International Journal of Mathematics and Mathematical Sciences
Volume 24 (2000), Issue 5, Pages 305-313
doi:10.1155/S0161171200000910

Uniformly convergent schemes for singularly perturbed differential equations based on collocation methods

Dialla Konate

37 Rue de la République, Puteaux 92800, France

Received 29 May 1998

Copyright © 2000 Dialla Konate. This is an open access article distributed under the Creative Commons Attribution License, which permits unrestricted use, distribution, and reproduction in any medium, provided the original work is properly cited.

Abstract

It is well known that a polynomial-based approximation scheme applied to a singularly perturbed equation is not uniformly convergent over the geometric domain of study. Such scheme results in a numerical solution, say σ which suffers from severe inaccuracies particularly in the boundary layer. What we say in the current paper is this: when one uses a grid which is not “too coarse” the resulted solution, even being nonuniformly convergent may be used in an iterated scheme to get a “good” approximation solution that is uniformly convergent over the whole geometric domain of study.

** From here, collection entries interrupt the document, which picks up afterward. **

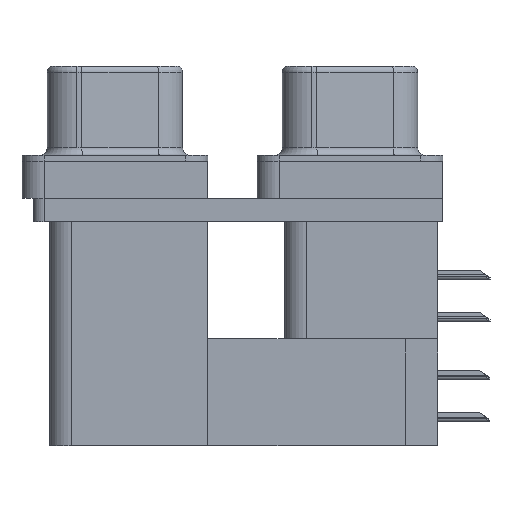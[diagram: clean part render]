
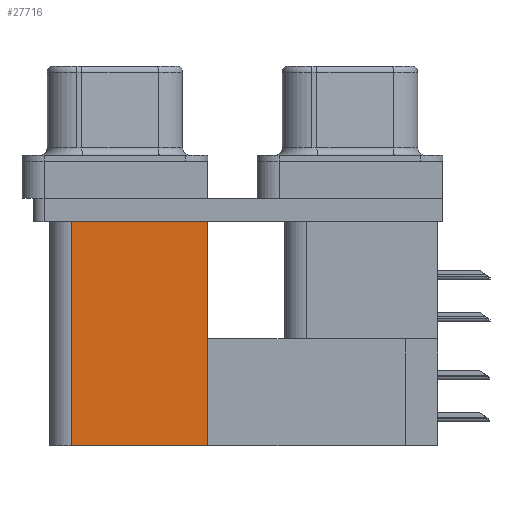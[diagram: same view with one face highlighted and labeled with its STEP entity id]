
A CAD part, left-side view. The second image highlights one B-rep face of the part: STEP entity #27716.
In plain terms, the highlighted planar face has unit normal (-1, 0, 0).
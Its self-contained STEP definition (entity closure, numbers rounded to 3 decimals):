
#44 = DIRECTION ( 'NONE',  ( 0., 0., -1. ) ) ;
#358 = VECTOR ( 'NONE', #39600, 1000. ) ;
#371 = VERTEX_POINT ( 'NONE', #9197 ) ;
#1537 = ORIENTED_EDGE ( 'NONE', *, *, #32665, .F. ) ;
#2913 = ORIENTED_EDGE ( 'NONE', *, *, #5679, .T. ) ;
#4943 = EDGE_LOOP ( 'NONE', ( #25092, #38331, #1537, #2913 ) ) ;
#5679 = EDGE_CURVE ( 'NONE', #371, #13005, #15151, .T. ) ;
#5874 = CARTESIAN_POINT ( 'NONE',  ( 3.7, 9.6, -2.5 ) ) ;
#6274 = LINE ( 'NONE', #5874, #18006 ) ;
#6297 = DIRECTION ( 'NONE',  ( 1., 0., 0. ) ) ;
#6347 = AXIS2_PLACEMENT_3D ( 'NONE', #21037, #6297, #44 ) ;
#6685 = CARTESIAN_POINT ( 'NONE',  ( 3.7, 18.8, -19.2 ) ) ;
#6905 = EDGE_CURVE ( 'NONE', #29692, #24203, #9488, .T. ) ;
#6911 = EDGE_CURVE ( 'NONE', #13005, #24203, #6274, .T. ) ;
#7040 = VECTOR ( 'NONE', #15550, 1000. ) ;
#8344 = LINE ( 'NONE', #14396, #15050 ) ;
#9197 = CARTESIAN_POINT ( 'NONE',  ( 3.7, 9.6, -19.2 ) ) ;
#9488 = LINE ( 'NONE', #34141, #7040 ) ;
#13005 = VERTEX_POINT ( 'NONE', #21010 ) ;
#14396 = CARTESIAN_POINT ( 'NONE',  ( 3.7, 9.6, -19.2 ) ) ;
#14448 = CARTESIAN_POINT ( 'NONE',  ( 3.7, 18.8, -2.5 ) ) ;
#15050 = VECTOR ( 'NONE', #20663, 1000. ) ;
#15151 = LINE ( 'NONE', #21006, #358 ) ;
#15550 = DIRECTION ( 'NONE',  ( 0., 0., 1. ) ) ;
#18006 = VECTOR ( 'NONE', #37169, 1000. ) ;
#18406 = FACE_OUTER_BOUND ( 'NONE', #4943, .T. ) ;
#20663 = DIRECTION ( 'NONE',  ( 0., 1., 0. ) ) ;
#21006 = CARTESIAN_POINT ( 'NONE',  ( 3.7, 9.6, -19.2 ) ) ;
#21010 = CARTESIAN_POINT ( 'NONE',  ( 3.7, 9.6, -2.5 ) ) ;
#21037 = CARTESIAN_POINT ( 'NONE',  ( 3.7, 9.6, -19.2 ) ) ;
#24203 = VERTEX_POINT ( 'NONE', #14448 ) ;
#25092 = ORIENTED_EDGE ( 'NONE', *, *, #6911, .T. ) ;
#27716 = ADVANCED_FACE ( 'NONE', ( #18406 ), #39838, .F. ) ;
#29692 = VERTEX_POINT ( 'NONE', #6685 ) ;
#32665 = EDGE_CURVE ( 'NONE', #371, #29692, #8344, .T. ) ;
#34141 = CARTESIAN_POINT ( 'NONE',  ( 3.7, 18.8, -19.2 ) ) ;
#37169 = DIRECTION ( 'NONE',  ( 0., 1., 0. ) ) ;
#38331 = ORIENTED_EDGE ( 'NONE', *, *, #6905, .F. ) ;
#39600 = DIRECTION ( 'NONE',  ( 0., 0., 1. ) ) ;
#39838 = PLANE ( 'NONE',  #6347 ) ;
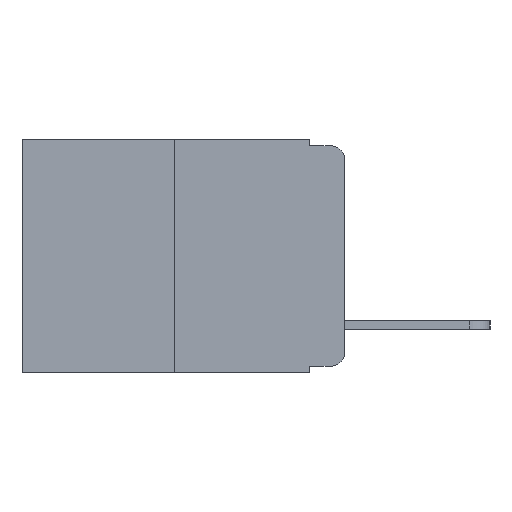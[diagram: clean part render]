
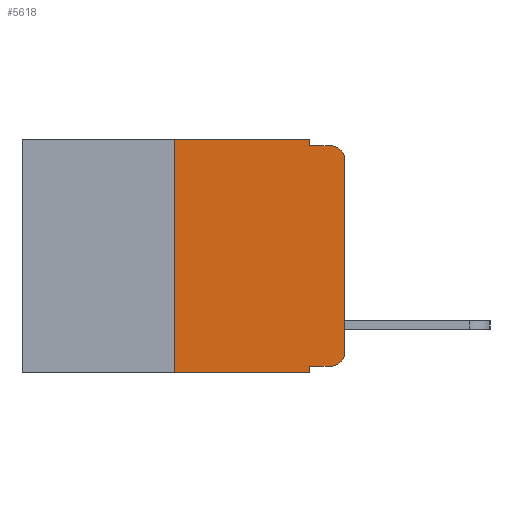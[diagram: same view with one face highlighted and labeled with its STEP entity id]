
A CAD part, left-side view. The second image highlights one B-rep face of the part: STEP entity #5618.
In plain terms, the highlighted planar face has unit normal (-1, 0, 0).
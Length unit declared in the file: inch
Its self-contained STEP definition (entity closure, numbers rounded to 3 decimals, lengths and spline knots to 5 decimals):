
#106 = ORIENTED_EDGE ( 'NONE', *, *, #11210, .F. ) ;
#173 = CARTESIAN_POINT ( 'NONE',  ( 0., 0.051, 0. ) ) ;
#214 = VERTEX_POINT ( 'NONE', #6537 ) ;
#389 = EDGE_CURVE ( 'NONE', #10890, #2795, #815, .T. ) ;
#473 = ORIENTED_EDGE ( 'NONE', *, *, #11025, .F. ) ;
#584 = ORIENTED_EDGE ( 'NONE', *, *, #10830, .T. ) ;
#815 = LINE ( 'NONE', #1791, #11005 ) ;
#852 = ORIENTED_EDGE ( 'NONE', *, *, #10612, .T. ) ;
#870 = VERTEX_POINT ( 'NONE', #6577 ) ;
#1267 = AXIS2_PLACEMENT_3D ( 'NONE', #12218, #12052, #11832 ) ;
#1330 = VERTEX_POINT ( 'NONE', #4305 ) ;
#1337 = CARTESIAN_POINT ( 'NONE',  ( 0., 0.25, 0. ) ) ;
#1457 = VERTEX_POINT ( 'NONE', #8250 ) ;
#1735 = CIRCLE ( 'NONE', #1267, 0.02 ) ;
#1791 = CARTESIAN_POINT ( 'NONE',  ( 0., 0.473, 0. ) ) ;
#2167 = VECTOR ( 'NONE', #7417, 39.37008 ) ;
#2324 = DIRECTION ( 'NONE',  ( -1., 0., 0. ) ) ;
#2343 = DIRECTION ( 'NONE',  ( 0., 0., -1. ) ) ;
#2346 = CARTESIAN_POINT ( 'NONE',  ( 0., 0.02, -0.03 ) ) ;
#2686 = VECTOR ( 'NONE', #6447, 39.37008 ) ;
#2795 = VERTEX_POINT ( 'NONE', #14004 ) ;
#3163 = LINE ( 'NONE', #6279, #2686 ) ;
#3457 = CARTESIAN_POINT ( 'NONE',  ( 0., 0.02, -0.01 ) ) ;
#3688 = VECTOR ( 'NONE', #5824, 39.37008 ) ;
#4305 = CARTESIAN_POINT ( 'NONE',  ( 0., 0.25, -0.343 ) ) ;
#5113 = DIRECTION ( 'NONE',  ( 0., -1., 0. ) ) ;
#5312 = VERTEX_POINT ( 'NONE', #6240 ) ;
#5618 = ADVANCED_FACE ( 'NONE', ( #11949 ), #12339, .F. ) ;
#5800 = CARTESIAN_POINT ( 'NONE',  ( 0., 0., 0. ) ) ;
#5824 = DIRECTION ( 'NONE',  ( 0., 0., 1. ) ) ;
#6240 = CARTESIAN_POINT ( 'NONE',  ( 0., 0.051, -0.333 ) ) ;
#6279 = CARTESIAN_POINT ( 'NONE',  ( 0., 0.25, 0. ) ) ;
#6432 = LINE ( 'NONE', #6581, #2167 ) ;
#6447 = DIRECTION ( 'NONE',  ( 0., 0., 1. ) ) ;
#6514 = VECTOR ( 'NONE', #15706, 39.37008 ) ;
#6537 = CARTESIAN_POINT ( 'NONE',  ( 0., 0.02, -0.333 ) ) ;
#6577 = CARTESIAN_POINT ( 'NONE',  ( 0., 0.051, -0.01 ) ) ;
#6581 = CARTESIAN_POINT ( 'NONE',  ( 0., 0.473, -0.343 ) ) ;
#6625 = VERTEX_POINT ( 'NONE', #15362 ) ;
#7417 = DIRECTION ( 'NONE',  ( 0., -1., 0. ) ) ;
#8239 = LINE ( 'NONE', #5800, #3688 ) ;
#8250 = CARTESIAN_POINT ( 'NONE',  ( 0., 0., -0.03 ) ) ;
#9059 = VECTOR ( 'NONE', #14599, 39.37008 ) ;
#10419 = VECTOR ( 'NONE', #14280, 39.37008 ) ;
#10612 = EDGE_CURVE ( 'NONE', #13304, #1457, #8239, .T. ) ;
#10830 = EDGE_CURVE ( 'NONE', #1457, #15271, #15976, .T. ) ;
#10890 = VERTEX_POINT ( 'NONE', #1337 ) ;
#11005 = VECTOR ( 'NONE', #5113, 39.37008 ) ;
#11025 = EDGE_CURVE ( 'NONE', #870, #15271, #16129, .T. ) ;
#11198 = AXIS2_PLACEMENT_3D ( 'NONE', #14305, #13005, #12956 ) ;
#11210 = EDGE_CURVE ( 'NONE', #2795, #870, #12302, .T. ) ;
#11746 = AXIS2_PLACEMENT_3D ( 'NONE', #2346, #2324, #2343 ) ;
#11832 = DIRECTION ( 'NONE',  ( 0., 0., -1. ) ) ;
#11949 = FACE_OUTER_BOUND ( 'NONE', #16461, .T. ) ;
#12052 = DIRECTION ( 'NONE',  ( -1., 0., 0. ) ) ;
#12218 = CARTESIAN_POINT ( 'NONE',  ( 0., 0.02, -0.313 ) ) ;
#12302 = LINE ( 'NONE', #14501, #9059 ) ;
#12339 = PLANE ( 'NONE',  #11198 ) ;
#12393 = ORIENTED_EDGE ( 'NONE', *, *, #13319, .T. ) ;
#12501 = ORIENTED_EDGE ( 'NONE', *, *, #13266, .T. ) ;
#12621 = ORIENTED_EDGE ( 'NONE', *, *, #13247, .F. ) ;
#12754 = EDGE_CURVE ( 'NONE', #1330, #10890, #3163, .T. ) ;
#12956 = DIRECTION ( 'NONE',  ( 0., 0., -1. ) ) ;
#12992 = ORIENTED_EDGE ( 'NONE', *, *, #15793, .T. ) ;
#13005 = DIRECTION ( 'NONE',  ( 1., 0., 0. ) ) ;
#13089 = ORIENTED_EDGE ( 'NONE', *, *, #12754, .F. ) ;
#13182 = VECTOR ( 'NONE', #15274, 39.37008 ) ;
#13247 = EDGE_CURVE ( 'NONE', #5312, #6625, #16416, .T. ) ;
#13266 = EDGE_CURVE ( 'NONE', #5312, #214, #16087, .T. ) ;
#13285 = ORIENTED_EDGE ( 'NONE', *, *, #389, .F. ) ;
#13304 = VERTEX_POINT ( 'NONE', #13873 ) ;
#13319 = EDGE_CURVE ( 'NONE', #214, #13304, #1735, .T. ) ;
#13873 = CARTESIAN_POINT ( 'NONE',  ( 0., 0., -0.313 ) ) ;
#14004 = CARTESIAN_POINT ( 'NONE',  ( 0., 0.051, 0. ) ) ;
#14280 = DIRECTION ( 'NONE',  ( 0., -1., 0. ) ) ;
#14305 = CARTESIAN_POINT ( 'NONE',  ( 0., 0.473, 0. ) ) ;
#14501 = CARTESIAN_POINT ( 'NONE',  ( 0., 0.051, 0. ) ) ;
#14599 = DIRECTION ( 'NONE',  ( 0., 0., -1. ) ) ;
#15271 = VERTEX_POINT ( 'NONE', #3457 ) ;
#15274 = DIRECTION ( 'NONE',  ( 0., 0., -1. ) ) ;
#15362 = CARTESIAN_POINT ( 'NONE',  ( 0., 0.051, -0.343 ) ) ;
#15706 = DIRECTION ( 'NONE',  ( 0., -1., 0. ) ) ;
#15748 = CARTESIAN_POINT ( 'NONE',  ( 0., 0.051, -0.01 ) ) ;
#15793 = EDGE_CURVE ( 'NONE', #1330, #6625, #6432, .T. ) ;
#15976 = CIRCLE ( 'NONE', #11746, 0.02 ) ;
#16087 = LINE ( 'NONE', #16211, #10419 ) ;
#16129 = LINE ( 'NONE', #15748, #6514 ) ;
#16211 = CARTESIAN_POINT ( 'NONE',  ( 0., 0.051, -0.333 ) ) ;
#16416 = LINE ( 'NONE', #173, #13182 ) ;
#16461 = EDGE_LOOP ( 'NONE', ( #852, #584, #473, #106, #13285, #13089, #12992, #12621, #12501, #12393 ) ) ;
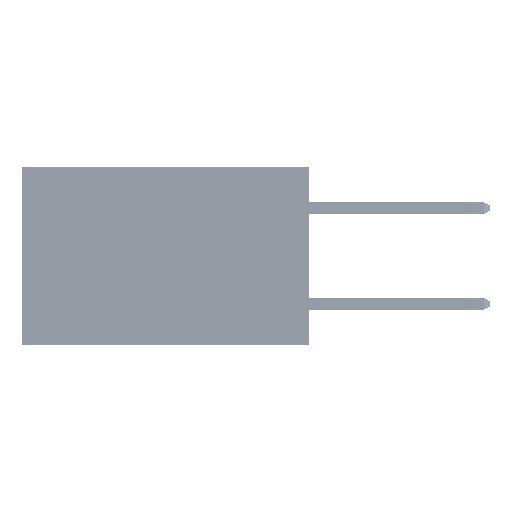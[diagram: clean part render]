
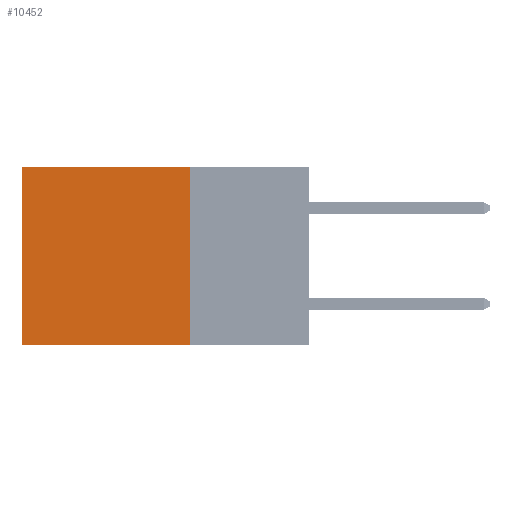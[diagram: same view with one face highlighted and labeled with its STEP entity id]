
A CAD part, left-side view. The second image highlights one B-rep face of the part: STEP entity #10452.
In plain terms, the highlighted planar face has unit normal (-1, 0, 0).
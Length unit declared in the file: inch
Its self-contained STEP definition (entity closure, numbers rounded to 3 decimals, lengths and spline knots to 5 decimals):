
#1193 = ORIENTED_EDGE ( 'NONE', *, *, #27464, .F. ) ;
#1239 = EDGE_LOOP ( 'NONE', ( #12737, #7047, #1193, #44214 ) ) ;
#2679 = CARTESIAN_POINT ( 'NONE',  ( 0.2875, 0.25, 0. ) ) ;
#2850 = PLANE ( 'NONE',  #15416 ) ;
#5499 = CARTESIAN_POINT ( 'NONE',  ( 0.2875, 0.6, 0. ) ) ;
#5817 = VECTOR ( 'NONE', #49266, 39.37008 ) ;
#6882 = CARTESIAN_POINT ( 'NONE',  ( 0.2875, 0.6, -0.37 ) ) ;
#7047 = ORIENTED_EDGE ( 'NONE', *, *, #28048, .F. ) ;
#7319 = CARTESIAN_POINT ( 'NONE',  ( 0.2875, 0.6, 0. ) ) ;
#10452 = ADVANCED_FACE ( 'NONE', ( #19789 ), #2850, .F. ) ;
#11770 = VECTOR ( 'NONE', #47044, 39.37008 ) ;
#12528 = LINE ( 'NONE', #18384, #21508 ) ;
#12737 = ORIENTED_EDGE ( 'NONE', *, *, #16129, .T. ) ;
#14096 = CARTESIAN_POINT ( 'NONE',  ( 0.2875, 0.25, 0. ) ) ;
#15416 = AXIS2_PLACEMENT_3D ( 'NONE', #2679, #44813, #34348 ) ;
#15555 = VERTEX_POINT ( 'NONE', #5499 ) ;
#16129 = EDGE_CURVE ( 'NONE', #15555, #24635, #20754, .T. ) ;
#18384 = CARTESIAN_POINT ( 'NONE',  ( 0.2875, 0.25, 0. ) ) ;
#19703 = LINE ( 'NONE', #41992, #5817 ) ;
#19789 = FACE_OUTER_BOUND ( 'NONE', #1239, .T. ) ;
#20754 = LINE ( 'NONE', #7319, #11770 ) ;
#21508 = VECTOR ( 'NONE', #45322, 39.37008 ) ;
#24635 = VERTEX_POINT ( 'NONE', #6882 ) ;
#24774 = CARTESIAN_POINT ( 'NONE',  ( 0.2875, 0.25, -0.37 ) ) ;
#27464 = EDGE_CURVE ( 'NONE', #47802, #34604, #12528, .T. ) ;
#27625 = EDGE_CURVE ( 'NONE', #47802, #15555, #19703, .T. ) ;
#28048 = EDGE_CURVE ( 'NONE', #34604, #24635, #46177, .T. ) ;
#34348 = DIRECTION ( 'NONE',  ( 0., 0., -1. ) ) ;
#34604 = VERTEX_POINT ( 'NONE', #37931 ) ;
#37931 = CARTESIAN_POINT ( 'NONE',  ( 0.2875, 0.25, -0.37 ) ) ;
#41992 = CARTESIAN_POINT ( 'NONE',  ( 0.2875, 0.25, 0. ) ) ;
#44214 = ORIENTED_EDGE ( 'NONE', *, *, #27625, .T. ) ;
#44308 = DIRECTION ( 'NONE',  ( 0., 1., 0. ) ) ;
#44813 = DIRECTION ( 'NONE',  ( 1., 0., 0. ) ) ;
#45322 = DIRECTION ( 'NONE',  ( 0., 0., -1. ) ) ;
#46177 = LINE ( 'NONE', #24774, #47946 ) ;
#47044 = DIRECTION ( 'NONE',  ( 0., 0., -1. ) ) ;
#47802 = VERTEX_POINT ( 'NONE', #14096 ) ;
#47946 = VECTOR ( 'NONE', #44308, 39.37008 ) ;
#49266 = DIRECTION ( 'NONE',  ( 0., 1., 0. ) ) ;
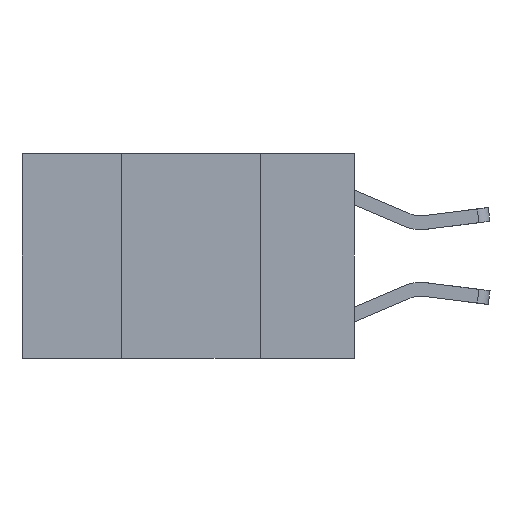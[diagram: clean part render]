
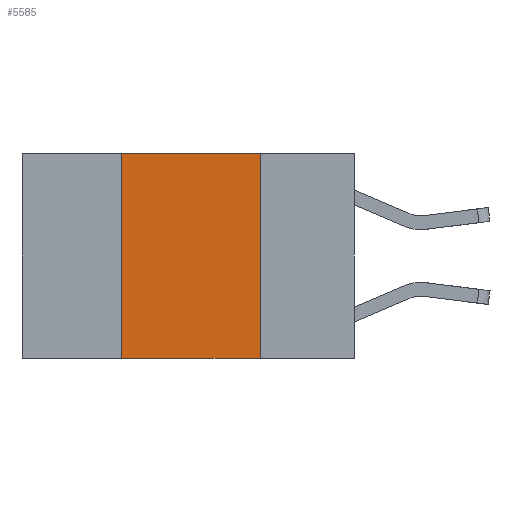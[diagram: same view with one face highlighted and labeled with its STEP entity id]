
A CAD part, left-side view. The second image highlights one B-rep face of the part: STEP entity #5585.
In plain terms, the highlighted planar face has unit normal (-1, 0, 0).
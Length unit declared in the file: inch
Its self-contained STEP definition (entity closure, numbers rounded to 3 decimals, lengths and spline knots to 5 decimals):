
#213 = CARTESIAN_POINT ( 'NONE',  ( 0., 0.17, 0. ) ) ;
#322 = ORIENTED_EDGE ( 'NONE', *, *, #470, .F. ) ;
#470 = EDGE_CURVE ( 'NONE', #9859, #2871, #9108, .T. ) ;
#563 = EDGE_CURVE ( 'NONE', #2871, #4743, #8108, .T. ) ;
#1299 = VECTOR ( 'NONE', #9040, 39.37008 ) ;
#1367 = PLANE ( 'NONE',  #7674 ) ;
#1946 = CARTESIAN_POINT ( 'NONE',  ( 0., 0.42, -0.37 ) ) ;
#2139 = ORIENTED_EDGE ( 'NONE', *, *, #7195, .F. ) ;
#2400 = CARTESIAN_POINT ( 'NONE',  ( 0., 0.17, 0. ) ) ;
#2871 = VERTEX_POINT ( 'NONE', #2400 ) ;
#3464 = LINE ( 'NONE', #8249, #1299 ) ;
#3809 = DIRECTION ( 'NONE',  ( 0., -1., 0. ) ) ;
#3814 = CARTESIAN_POINT ( 'NONE',  ( 0., 0.6, 0. ) ) ;
#4227 = CARTESIAN_POINT ( 'NONE',  ( 0., 0.42, 0. ) ) ;
#4264 = VERTEX_POINT ( 'NONE', #1946 ) ;
#4320 = DIRECTION ( 'NONE',  ( 0., -1., 0. ) ) ;
#4339 = CARTESIAN_POINT ( 'NONE',  ( 0., 0.17, -0.37 ) ) ;
#4600 = DIRECTION ( 'NONE',  ( 1., 0., 0. ) ) ;
#4743 = VERTEX_POINT ( 'NONE', #4339 ) ;
#5585 = ADVANCED_FACE ( 'NONE', ( #7897 ), #1367, .F. ) ;
#6034 = VECTOR ( 'NONE', #6935, 39.37008 ) ;
#6528 = ORIENTED_EDGE ( 'NONE', *, *, #563, .F. ) ;
#6935 = DIRECTION ( 'NONE',  ( 0., 0., -1. ) ) ;
#7023 = VECTOR ( 'NONE', #4320, 39.37008 ) ;
#7195 = EDGE_CURVE ( 'NONE', #4264, #9859, #3464, .T. ) ;
#7674 = AXIS2_PLACEMENT_3D ( 'NONE', #3814, #4600, #10077 ) ;
#7897 = FACE_OUTER_BOUND ( 'NONE', #8638, .T. ) ;
#8108 = LINE ( 'NONE', #213, #6034 ) ;
#8240 = LINE ( 'NONE', #8506, #10062 ) ;
#8249 = CARTESIAN_POINT ( 'NONE',  ( 0., 0.42, 0. ) ) ;
#8293 = EDGE_CURVE ( 'NONE', #4264, #4743, #8240, .T. ) ;
#8506 = CARTESIAN_POINT ( 'NONE',  ( 0., 0.6, -0.37 ) ) ;
#8638 = EDGE_LOOP ( 'NONE', ( #6528, #322, #2139, #8810 ) ) ;
#8810 = ORIENTED_EDGE ( 'NONE', *, *, #8293, .T. ) ;
#9040 = DIRECTION ( 'NONE',  ( 0., 0., 1. ) ) ;
#9086 = CARTESIAN_POINT ( 'NONE',  ( 0., 0.6, 0. ) ) ;
#9108 = LINE ( 'NONE', #9086, #7023 ) ;
#9859 = VERTEX_POINT ( 'NONE', #4227 ) ;
#10062 = VECTOR ( 'NONE', #3809, 39.37008 ) ;
#10077 = DIRECTION ( 'NONE',  ( 0., 0., -1. ) ) ;

In this paper, we use the collocation method as model of polynomial approximation. We start from a precise localization of the boundary layer then we decompose the domain of study, say Ω into the boundary layer, say Ωϵ and its complementary Ω0. Next we go to the heart of our work which is to make a repeated use of the collocation method. We show that the second generation of polynomial approximation is convergent and it yields an improved error bound compared to those usually appearing in the literature.